Constanze Stelzenmüller
It is not difficult to list the contributions that Switzerland could make to Europe’s security; what is more interesting is the question of why it should do so. But one thing at a time.
Recently, Swiss journalist Roger de Weck told the Neue Zürcher Zeitung that his country is “the niche […] where things happen that are forbidden elsewhere.” The Swiss criminal law professor and corruption hunter Mark Pieth describes this somewhat whimsically as the “pirates’ harbor.” The aspects of Swiss politics they are referring to are well-known and regularly scrutinized in the established Swiss media. Their critique goes well beyond an understanding of neutrality that is increasingly alienating Switzerland’s neighbors and which—by way of example—prohibits even democratic neighbors from passing on armaments produced by former Swiss companies to a Ukraine fighting against a brutal aggressor.
Switzerland, which likes to see itself as a storm-tossed island of the blessed, is in reality the world’s largest (and very tolerant) offshore financial center. It has long been a hub for the global commodities trade and a huge magnet for seemingly endless flows of less-than-licit data, money, goods, and people that make up the dark underbelly of globalization. All of this is served by a dense and anything-but-transparent network of lawyers, consultants, and brokers.
Even before the Russian attack on Ukraine on February 24, 2022, this state of affairs was a nuisance to many other states. But in the context of Europe’s greatest security crisis since 1945, it allows the Kremlin to undermine Western sanctions (which Switzerland is at least participating in), thereby potentially prolonging the war. In geo-economic terms, this makes Switzerland a critical vulnerability in Europe’s security policy.
There are plenty of concrete proposals to close this security gap. Switzerland could create a supervisory authority for commodities trading; or even better, become part of international monitoring efforts. The G7 countries and the European Union would like to see Switzerland make more of an effort to close loopholes in the prosecution of sanctions-breakers; they are also calling for Bern to join the international REPO (Russian Elites, Proxies and Oligarchs) task force, which tracks down Russian kleptocrats’ hidden assets. After all, the Swiss Bankers Association itself estimates that at least 150 billion Swiss francs (approximately $171 billion) of Russian assets are held in Swiss accounts.
That leaves the question of why. Swiss media have a rather conspicuous habit of theorizing about “enormous pressure” from abroad. It is a bit reminiscent of Berlin, where policymakers or politicians often invoke “constraints” (circumstances, allies, norms) compelling them to act. And the Swiss banking secret was indeed brought down by the U.S. Treasury a decade ago.
And yet why would such a rich and powerful country, one of the 20 largest economies in the world and currently a non-permanent member of the U.N. Security Council, pretend that it is so much smaller and weaker than it is? Especially since Switzerland, unlike Germany, has elevated the principle of neutrality—the freedom not to take sides—to a raison d’etre. The contradiction is obvious.

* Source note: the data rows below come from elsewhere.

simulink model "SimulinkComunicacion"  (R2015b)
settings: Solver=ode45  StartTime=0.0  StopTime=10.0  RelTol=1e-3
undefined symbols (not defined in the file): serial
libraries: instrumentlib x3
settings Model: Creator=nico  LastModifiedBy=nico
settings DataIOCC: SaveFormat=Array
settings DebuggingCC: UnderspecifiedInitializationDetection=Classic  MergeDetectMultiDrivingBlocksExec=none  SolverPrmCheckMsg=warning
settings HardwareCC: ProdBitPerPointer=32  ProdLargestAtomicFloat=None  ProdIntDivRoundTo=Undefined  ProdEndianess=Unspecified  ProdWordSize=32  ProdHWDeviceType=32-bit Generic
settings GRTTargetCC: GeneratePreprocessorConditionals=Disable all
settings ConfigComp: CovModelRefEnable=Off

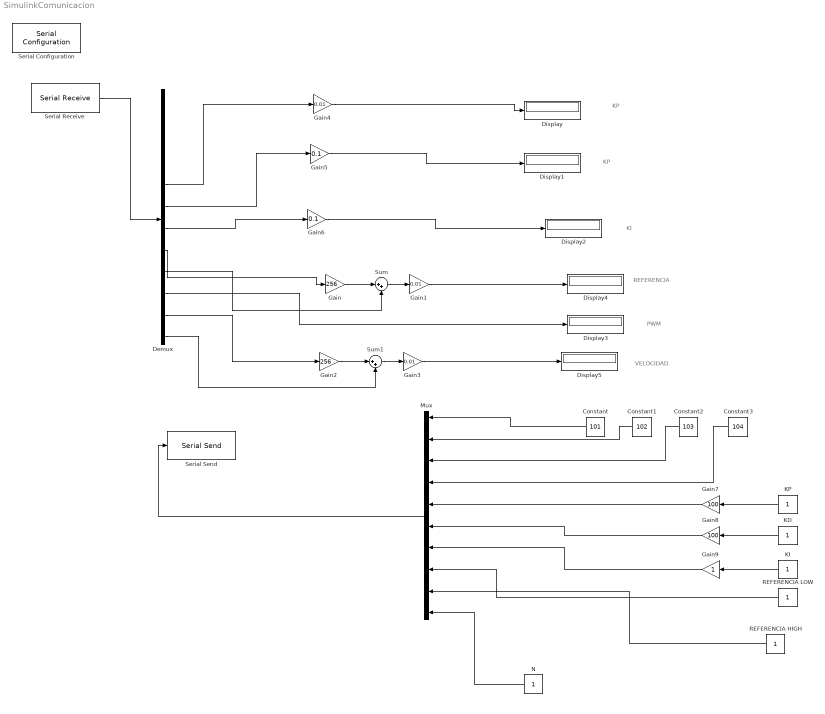
== system SimulinkComunicacion ==
  note: VELOCIDAD
  note: PWM
  note: REFERENCIA
  note: KI
  note: KP
  note: KP
  Constant : Constant  Value=101
  Constant1 : Constant  Value=102
  Constant2 : Constant  Value=103
  Constant3 : Constant  Value=104
  Demux : Demux  Outputs=12
  Display{,1..5} (6 alike) : Display
  Gain : Gain  Gain=256
  Gain1 : Gain  Gain=0.01
  Gain2 : Gain  Gain=256
  Gain3 : Gain  Gain=0.01
  Gain4 : Gain  Gain=0.01
  Gain5 : Gain  Gain=0.1
  Gain6 : Gain  Gain=0.1
  Gain7 : Gain  Gain=100
  Gain8 : Gain  Gain=100
  Gain9 : Gain
  KD : Constant
  KI : Constant
  KP : Constant
  Mux : Mux  Inputs=10
  N : Constant
  REFERENCIA HIGH : Constant
  "REFERENCIA LOW " : Constant
  Serial Configuration : instrumentlib/Serial Configuration  Priority=-200000  ComPortMenu=COM3  ComPort=COM3  ObjConstructor=serial('COM3');  BaudRate=9600  DataBits=8  Parity=none  StopBits=1  FlowControl=none  Timeout=20  ByteOrder=LittleEndian
  Serial Receive : instrumentlib/Serial Receive  ComPortMenu=COM3  ComPort=COM3  ObjConstructor=serial('COM3');  Terminator=<none>  DataSize="[12   1]"  DataType=uint8  EnableBlockingMode=on  ActionDataUnavailable=Output last received value  CustomValue=0  SampleTime=0.01
  Serial Send : instrumentlib/Serial Send  ComPortMenu=COM3  ComPort=COM3  ObjConstructor=serial('COM3');  Header=efgh  Terminator=<none>  EnableBlockingMode=on
  Sum : Sum  Inputs=|++
  Sum1 : Sum  Inputs=|++
  wires:
  Serial Receive/1 -> Demux/1
  Demux/10 -> Display3/1
  Demux/8 -> Gain/1
  Gain/1 -> Sum/1
  Demux/9 -> Sum/2
  Sum/1 -> Gain1/1
  Gain1/1 -> Display4/1
  Gain2/1 -> Sum1/1
  Sum1/1 -> Gain3/1
  Gain3/1 -> Display5/1
  Demux/11 -> Gain2/1
  Demux/12 -> Sum1/2
  Gain4/1 -> Display/1
  Demux/5 -> Gain4/1
  Gain5/1 -> Display1/1
  Demux/6 -> Gain5/1
  Gain6/1 -> Display2/1
  Demux/7 -> Gain6/1
  Constant/1 -> Mux/1
  Constant1/1 -> Mux/2
  Constant2/1 -> Mux/3
  Constant3/1 -> Mux/4
  KP/1 -> Gain7/1
  Gain7/1 -> Mux/5
  Mux/1 -> Serial Send/1
  KD/1 -> Gain8/1
  Gain8/1 -> Mux/6
  KI/1 -> Gain9/1
  Gain9/1 -> Mux/7
  "REFERENCIA LOW "/1 -> Mux/8
  N/1 -> Mux/10
  REFERENCIA HIGH/1 -> Mux/9
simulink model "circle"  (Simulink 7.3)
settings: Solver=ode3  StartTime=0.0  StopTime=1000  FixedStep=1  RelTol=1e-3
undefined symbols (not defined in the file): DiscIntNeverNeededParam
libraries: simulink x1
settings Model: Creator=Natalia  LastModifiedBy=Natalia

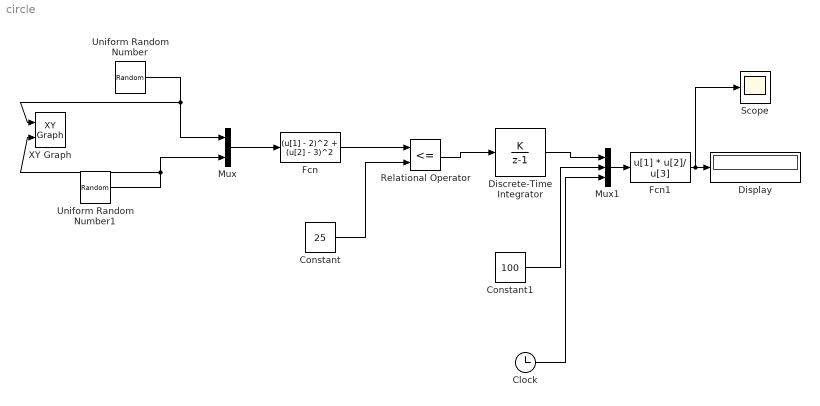
== system circle ==
  Clock : Clock
      settings: Decimation=10
  Constant : Constant  Value=25  OutDataType=fixdt(1, 16)  OutScaling=2^0
  Constant1 : Constant  Value=100  OutDataType=fixdt(1, 16)  OutScaling=2^0
  Discrete-Time Integrator : DiscreteIntegrator  IntegratorMethod=Accumulation: Forward Euler  gainval=1  OutDataTypeMode=double  OutDataType=fixdt(1, 16)  OutScaling=2^0  OutDataTypeStr=double  ICPrevOutput=DiscIntNeverNeededParam  ICPrevScaledInput=DiscIntNeverNeededParam
  Display : Display
  Fcn : Fcn  Expr=(u[1] - 2)^2 + (u[2] - 3)^2
  Fcn1 : Fcn  Expr=u[1] * u[2]/ u[3]
  Mux : Mux  Inputs=2
  Mux1 : Mux  Inputs=3
  Relational Operator : RelationalOperator  Operator=<=  LogicOutDataTypeMode=boolean  LogicDataType=fixdt(0, 8)  OutDataTypeStr=boolean
  Scope : Scope
  Uniform Random Number : UniformRandomNumber  Minimum=-3  SampleTime=0
  Uniform Random Number1 : UniformRandomNumber  Minimum=-2  Maximum=8  Seed=7  SampleTime=0
  XY Graph : simulink/Sinks/XY Graph  SystemSampleTime=-1  xmin=-1  xmax=1  ymin=-1  ymax=1  st=-1
  wires:
  Uniform Random Number/1 -> Mux/1, XY Graph/1
  Uniform Random Number1/1 -> Mux/2, XY Graph/2
  Mux/1 -> Fcn/1
  Fcn/1 -> Relational Operator/1
  Constant/1 -> Relational Operator/2
  Relational Operator/1 -> Discrete-Time Integrator/1
  Discrete-Time Integrator/1 -> Mux1/1
  Constant1/1 -> Mux1/2
  Clock/1 -> Mux1/3
  Mux1/1 -> Fcn1/1
  Fcn1/1 -> Display/1, Scope/1

Perhaps it is time for Bern to rethink the prerequisites for freedom of action in an age of strategic competition, a disintegrating world order, and the formation of blocs between democratic and autocratic powers. Switzerland is, of course, not an island, but rather a global player in a world economy that is becoming increasingly interdependent. It is also exposed to the weaponization of interdependence. Some might now point out that Switzerland is a passive beneficiary of the order of peace, law, and prosperity protected by NATO and the EU in Europe. But as a non-member, it has no voice or veto in the circle of these friends; it is a rule taker, not a rule maker.
NATO and the EU initially closed ranks against the impact of Russia’s aggression—which is directed not just at Ukraine but at the entire European order. Yet in light of the fact that Russia, China, Iran, and North Korea are increasingly finding common ground and that the so-called Global South is by no means taking the side of the victim and its allies, the West is currently on the defensive. And should Donald Trump or a Trumpist win the U.S. elections in November 2024, Europe would be quite lonely in the world—and Switzerland with it.
Will that propel Switzerland to suddenly seek protection in alliances or the EU? Or to eliminate its geo-economic vulnerabilities in order to offer Europe’s opponents one fewer entry point? Hardly. But the notion that its exposure is a national security gap and should be closed in the interests of its own freedom of action has just become rather more plausible.